Just now I lay on my bed listening from that moment until the end of the opera... first through the indescribable beauty of that duet, and then into the ending piece, which made me feel I was soaring through heaven itself.

Everything I listen to I hear more clearly and deeply than I ever have before. I listened to much of Mahler's 3rd symphony yesterday... the sounds of nature, the spiritual journey, the presence of divinity.. it's overwhelmingly beautiful. Music is pure magic.

What is really killing me at the moment though is Mozart.... I listen to a piece like La Finta Giardiniera and thoroughly enjoy it as extremely beautiful music, which it is... and then when I go from it to Le Nozze di Figaro, it kills me... it's just not comprehensible. There is beautiful music, and that's wonderful.. but the masterpieces of the greatest composers go beyond that, and when you are truly in a place of recognizing that even I IV V I is a beautiful and magical thing.. something like Le Nozze di Figaro really threatens to send you permanently into an afterlife of eternal bliss.

I will be returning to this thread to share about any unbearably strong feelings I have for particular pieces of music as the feelings overtake me.. I encourage others to do the same!

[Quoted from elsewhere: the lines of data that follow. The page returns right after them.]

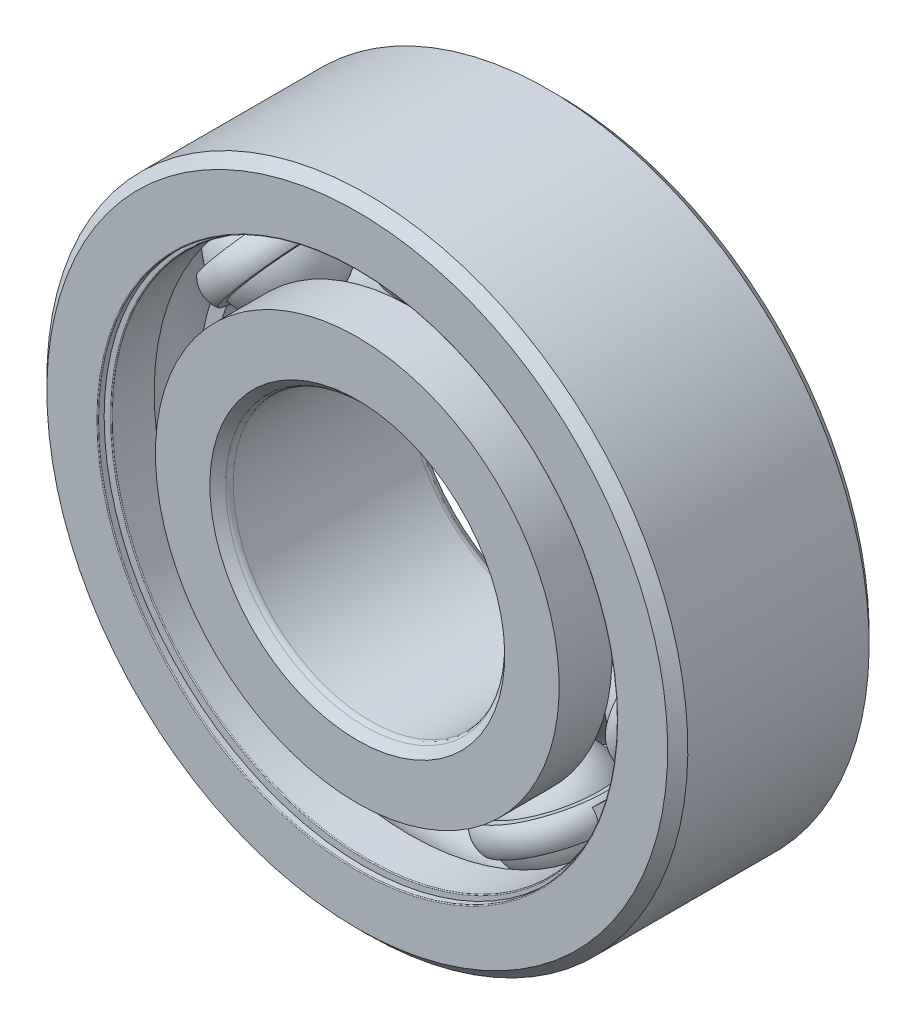
from build123d import *

# Parameters (mm, degrees)
BOSS_EXTRUDE1_DEPTH = 0.916666667
CIRPATTERN1_COUNT   = 7
CIRPATTERN2_COUNT   = 7
FILLET1_R           = 0.0495
FILLET2_R           = 0.4125


with BuildPart() as part:
    # Sketch3 → Revolve1 (revolve)
    with BuildSketch(Plane(origin=(0, 0, 0), x_dir=(0, 0, -1), z_dir=(1, 0, 0))):
        with BuildLine():
            Line((4.95, 17.5), (5.5, 16.95))
            Line((5.5, 16.95), (5.5, 13.976923077))
            Line((5.5, 13.976923077), (2.6125, 13.976923077))
            ThreePointArc((2.6125, 13.976923077), (0, 15.501076145), (-2.6125, 13.976923077))
            Line((-2.6125, 13.976923077), (-5.5, 13.976923077))
            Line((-5.5, 13.976923077), (-5.5, 16.95))
            Line((-5.5, 16.95), (-4.95, 17.5))
            Line((-4.95, 17.5), (4.95, 17.5))
        make_face()
    revolve(axis=Axis((0, 0, 5.5), (0, 0, -1)))

    # Sketch8 → Cut-Revolve1 (revolve, cut)
    with BuildSketch(Plane(origin=(0, 0, 0), x_dir=(0, 0, -1), z_dir=(1, 0, 0))):
        Polygon((-5.148, 13.976923077), (-4.95, 13.976923077), (-4.95, 15.151282051), (-5.148, 15.151282051), (-5.148, 14.174923077), (-5.5, 14.174923077), (-5.5, 13.976923077), align=None)
        Polygon((4.95, 13.976923077), (5.148, 13.976923077), (5.5, 13.976923077), (5.5, 14.174923077), (5.148, 14.174923077), (5.148, 15.151282051), (4.95, 15.151282051), align=None)
    revolve(axis=Axis((0, 0, 5.5), (0, 0, -1)), mode=Mode.SUBTRACT)

    # Fillet1
    fillet1_edges = [part.edges().sort_by_distance(p)[0] for p in [
        (0, -13.976923077, -4.95),
        (0, -14.174923077, -5.5),
        (0, -13.976923077, 4.95),
        (0, -14.174923077, 5.5),
    ]]
    fillet(fillet1_edges, radius=FILLET1_R)


with BuildPart() as body_2:
    # Sketch4 → Revolve2 (revolve)
    with BuildSketch(Plane(origin=(0, 0, 0), x_dir=(0, 0, -1), z_dir=(1, 0, 0))):
        with BuildLine():
            Line((-4.95, 7.5), (-5.5, 8.05))
            Line((-5.5, 8.05), (-5.5, 11.023076923))
            Line((-5.5, 11.023076923), (-2.6125, 11.023076923))
            ThreePointArc((-2.6125, 11.023076923), (0, 9.498923855), (2.6125, 11.023076923))
            Line((2.6125, 11.023076923), (5.5, 11.023076923))
            Line((5.5, 11.023076923), (5.5, 8.05))
            Line((5.5, 8.05), (4.95, 7.5))
            Line((4.95, 7.5), (-4.95, 7.5))
        make_face()
    revolve(axis=Axis((0, 0, 5.5), (0, 0, -1)))

    # Fillet2
    fillet2_edges = [body_2.edges().sort_by_distance(p)[0] for p in [
        (0, -7.5, -4.95),
        (0, -7.5, 4.95),
    ]]
    fillet(fillet2_edges, radius=FILLET2_R)


with BuildPart() as body_3:
    # Sketch5 → Revolve3 (revolve)
    with BuildSketch(Plane(origin=(0, 0, 0), x_dir=(0, 0, -1), z_dir=(1, 0, 0))):
        with BuildLine():
            Line((-3.001076145, 12.5), (3.001076145, 12.5))
            ThreePointArc((3.001076145, 12.5), (0, 15.501076145), (-3.001076145, 12.5))
        make_face()
    revolve(axis=Axis((0, 12.5, 3.001076145), (0, 0, -1)))


with BuildPart() as body_4:
    # Sketch6 → Revolve4 (revolve)
    with BuildSketch(Plane(origin=(0, 0, 0), x_dir=(0, 0, -1), z_dir=(1, 0, 0))):
        with BuildLine():
            Line((-2.908802603, 13.238461538), (-3.340668836, 13.238461538))
            ThreePointArc((-3.340668836, 13.238461538), (-3.556601952, 12.5), (-3.340668836, 11.761538462))
            Line((-3.340668836, 11.761538462), (-2.908802603, 11.761538462))
            ThreePointArc((-2.908802603, 11.761538462), (-3.001076145, 12.5), (-2.908802603, 13.238461538))
        make_face()
    revolve4 = revolve(axis=Axis((0, 17.5, 0), (0, -1, 0)))

    # Sketch7 → Boss-Extrude1 (add, symmetric)
    with BuildSketch(Plane.XY):
        with BuildLine():
            Line((9.772893531, 7.793622523), (10.35024601, 8.254045762))
            ThreePointArc((10.35024601, 8.254045762), (5.743953192, 11.927441705), (0, 13.238461538))
            Line((0, 13.238461538), (0, 12.5))
            ThreePointArc((0, 12.5), (5.423546739, 11.262110849), (9.772893531, 7.793622523))
        make_face()
    boss_extrude1 = extrude(amount=BOSS_EXTRUDE1_DEPTH, both=True)

    # CirPattern2: Revolve4, Boss-Extrude1 ×7 about axis
    cirpattern2_axis = Axis((0, 0, 5.5), (0, 0, -1))
    add([revolve4.rotate(cirpattern2_axis, i * 360 / CIRPATTERN2_COUNT) for i in range(1, CIRPATTERN2_COUNT)])
    add([boss_extrude1.rotate(cirpattern2_axis, i * 360 / CIRPATTERN2_COUNT) for i in range(1, CIRPATTERN2_COUNT)])


with BuildPart() as cirpattern1_1:
    # CirPattern1: pattern copy
    add(body_3.part.rotate(Axis((0, 0, 5.5), (0, 0, -1)), 1 * 360 / CIRPATTERN1_COUNT))


with BuildPart() as cirpattern1_2:
    # CirPattern1: pattern copy
    add(body_3.part.rotate(Axis((0, 0, 5.5), (0, 0, -1)), 2 * 360 / CIRPATTERN1_COUNT))


with BuildPart() as cirpattern1_3:
    # CirPattern1: pattern copy
    add(body_3.part.rotate(Axis((0, 0, 5.5), (0, 0, -1)), 3 * 360 / CIRPATTERN1_COUNT))


with BuildPart() as cirpattern1_4:
    # CirPattern1: pattern copy
    add(body_3.part.rotate(Axis((0, 0, 5.5), (0, 0, -1)), 4 * 360 / CIRPATTERN1_COUNT))


with BuildPart() as cirpattern1_5:
    # CirPattern1: pattern copy
    add(body_3.part.rotate(Axis((0, 0, 5.5), (0, 0, -1)), 5 * 360 / CIRPATTERN1_COUNT))


with BuildPart() as cirpattern1_6:
    # CirPattern1: pattern copy
    add(body_3.part.rotate(Axis((0, 0, 5.5), (0, 0, -1)), 6 * 360 / CIRPATTERN1_COUNT))


solid = Compound([part.part, body_2.part, body_3.part, body_4.part, cirpattern1_1.part, cirpattern1_2.part, cirpattern1_3.part, cirpattern1_4.part, cirpattern1_5.part, cirpattern1_6.part])

What pieces make you surprised that you're still alive at the end of them?


----------



## ComposerOfAvantGarde (Dec 2, 2011)

I love *Ligeti*


----------



## neoshredder (Nov 7, 2011)

Have you bought him flowers yet? lol Sorry I had to do that.


----------



## Kopachris (May 31, 2010)

Strauss' Zarathustra.


----------



## powerbooks (Jun 30, 2012)

macgeek2005,

As you can read from my post in opera forum, I m also enthused by Mozart's Figaro. And years pass, the admiration grows deeper than ever, and I am always moved by the profound humanity of this masterpiece! I used to love the popular showpieces like Figaro's aria at the end of Act I, or Cherubino's lovely songs about love. But now I am more into the deep feelings of "Dove sono i bei momenti " and "Sull'aria...che soave zeffiretto", and every time I hear those melodies, I feel grateful to be able to enjoy such heavenly music! And the finale, from "Contessa, perdono" and on, how can you not moved by the heartfelt tender and kindness! The word and world are beyond me! Yes, it is an opera buffa, but it reaches the ultra-most achievement of the art: to sanctuate the spirit of humanity.


----------



## Couchie (Dec 9, 2010)

I dont even need to respond to these threads as everyone knows my answer. 

/winning


----------



## myaskovsky2002 (Oct 3, 2010)

Let's see... I'm in love...with me. Not with any composer. I think I know so many and no one was absolutely flawless
Sometimes corny, sometimes boring, sometimes so weird... Of course there are many composers I love... This goes from a little bit to a lot. I would apply like then rather than love. I like very much many Russian composers and many Austrian composers. 
Love... Love is a big word. Personally, I leave this word for others. The "manga-tutti" from one composer. E.g. Ligeti and our friend composeroutofgarde. 

Martin

Exceptions :Scriabin and Bartok. Never disappointed me.

Martin


----------



## HarpsichordConcerto (Jan 1, 2010)

Couchie said:


> I dont even need to respond to these threads as everyone knows my answer.
> 
> /winning


Give us a clue.


----------



## myaskovsky2002 (Oct 3, 2010)

Couchie loves Wagner! I love 80% of his production.

Martin


----------



## Andreas (Apr 27, 2012)

macgeek2005 said:


> What pieces make you surprised that you're still alive at the end of them?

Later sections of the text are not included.